AB perpendicular to AC so AB.AC = 0.

$AB^2 = 1/4 BC^2$

AB = 1/2 BC

So AD = BD = CD

Hence proved. But i have few questions.

Question 1 -

Can we solve above question using one vertice as origin? If yes please provide solution.

Qusetion 2 -

I have seen many questions some of them solved using one vertice as origin. And some of them not taking one vertice as origin. How to know where to use one vertice as origin vector or not?

Answer 1

Here, you are using pure vector calculus, but in a certain way, you are trying to decompose all your vectors in the "basis" $(\vec{AB},\vec{AC})$.

You could translate your demonstration by choosing $A$ as the origin, and vectors $\vec i$ and $\vec j$ of length $1$ and directions those of $\vec{AB}$ and $\vec{AC}$, and use cartesian coordinates to do the math.

Those methods are completely equivalent.

Answer 2

"Can we solve above question using one vertex as origin? If yes please provide solution."

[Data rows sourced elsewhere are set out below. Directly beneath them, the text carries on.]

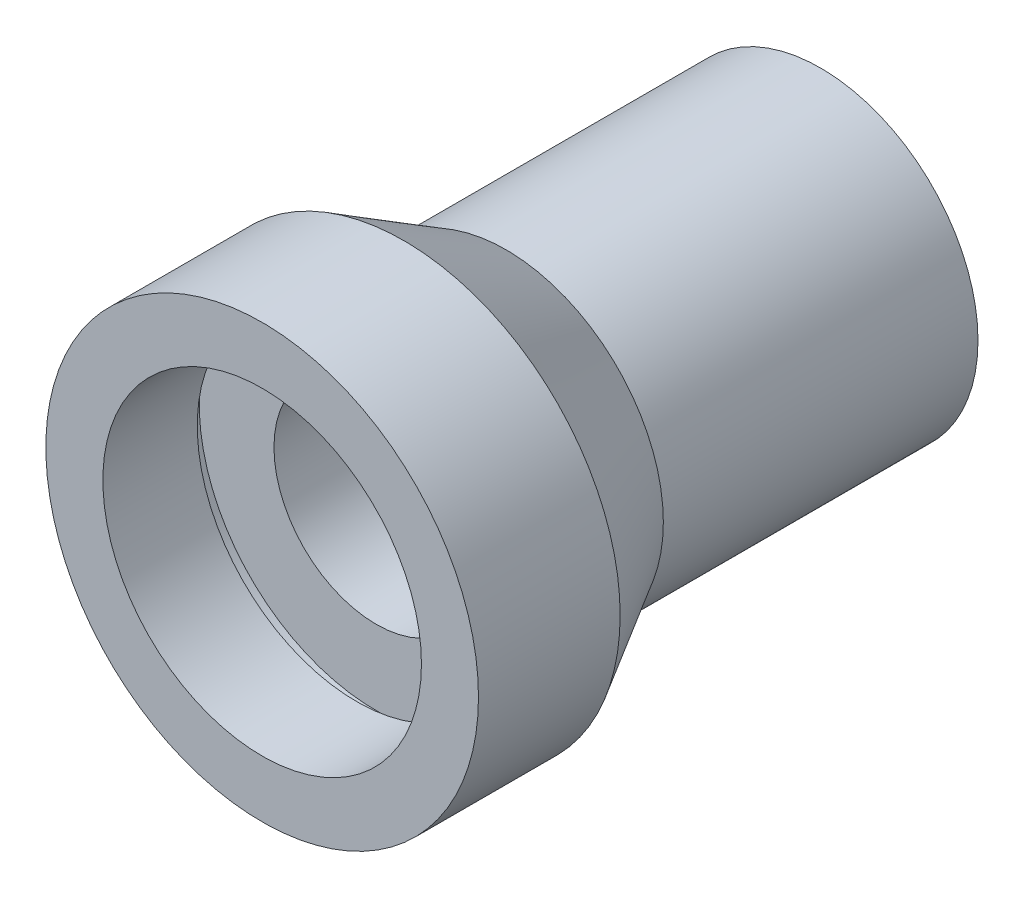
SolidWorks part; units mm, degrees
ref_plane "Front Plane" through (0, 0, 0) normal (0, 0, 1) x (1, 0, 0)
ref_plane "Top Plane" through (0, 0, 0) normal (0, 1, 0) x (1, 0, 0)
ref_plane "Right Plane" through (0, 0, 0) normal (1, 0, 0) x (0, 0, -1)
sketch "Sketch1" plane through (0, 0, 0) normal (0, 0, 1) x (1, 0, 0)
  circle A0 centre (0, 0) radius 2.6
  circle A1 centre (0, 0) radius 4
  dimension "D1" = 5.2
  dimension "D2" = 8
extrude "Boss-Extrude1" add sketch "Sketch1" along normal blind 1 and the other way blind 10
sketch "Sketch2" plane through (0, 0, 1) normal (0, 0, 1) x (1, 0, 0)
  circle A0 centre (0, 0) radius 5.5
  dimension "D1" = 11
extrude "Boss-Extrude2" add sketch "Sketch2" along normal blind 3.2
sketch "Sketch3" plane through (0, 0, 4.2) normal (0, 0, 1) x (1, 0, 0)
  circle A0 centre (0, 0) radius 4.05
  dimension "D1" = 8.1
extrude "Cut-Extrude1" cut sketch "Sketch3" against normal blind 2.9
sketch "Sketch4" plane through (0, 0, -10) normal (0, 0, -1) x (-1, 0, 0)
  circle A1 centre (0, 0) radius 2.6 construction
  circle A2 centre (0, 0) radius 2.6
extrude "Cut-Extrude2" cut sketch "Sketch4" against normal through all
sketch "Sketch5" plane through (0, 0, 1.3) normal (0, 0, 1) x (1, 0, 0)
  circle A0 centre (0, 0) radius 4.5
  dimension "D1" = 9
extrude "Cut-Extrude3" cut sketch "Sketch5" along normal blind 0.5
chamfer "Chamfer1" distance 3 angle 30 1 edges at (4, 0, 1) first distance on face at (4, 0, -10)

Yes, of course. Let the distance from A to B be "b" and the distance from A to C be "c". Set up a coordinate system so that A is at the origin, B on the x-axis, and C on the y-axis. (We can do that because A is a right angle.)

Then B is the point (b, 0) and C is the point (0, c). The midpoint of the hypotenuse is (b/2, c/2). The distance from that point to A, (0, 0), is $\sqrt{(b/2- 0)^2+ (c/2- 0)^2}= \sqrt{b^2/4+ c^2/4}= \frac{1}{2}\sqrt{b^2+ c^2}$. Similarly, the distance from that point to B is $\sqrt{(b/2- b)^2+ (c/2- 0)^2}= \sqrt{b^2/4+ c^2/4}= \frac{1}{2}\sqrt{b^2+ c^2}$ and the distance from that point to C is $\sqrt{(b/2- 0)^2+ (c/2- c)^2}= \sqrt{b^2/4+ c^2/4}= \frac{1}{2}\sqrt{b^2+ c^2}$.

"I have seen many questions some of them solved using one vertice as origin. And some of them not taking one vertice as origin. How to know where to use one vertice as origin vector or not?"

You don't "know"- you try it and see if it works. If it doesn't, try something else!

Answer 3

Let $(A;\vec i,\vec j)$ be an orthonormal frame where $\vec{AB}=b\vec i$ and $\vec{AC}=c\vec i$.

Coordinates are : $A(0,0)$, $B(b,0)$, $C(0,c)$ and $D(b/2,c/2)$, and $$AD=\sqrt{(b/2)^2+(c/2)^2}=\frac12\sqrt{b^2+c^2}=BD=CD$$ The demonstration without choosing an origin is exactly the one you gave...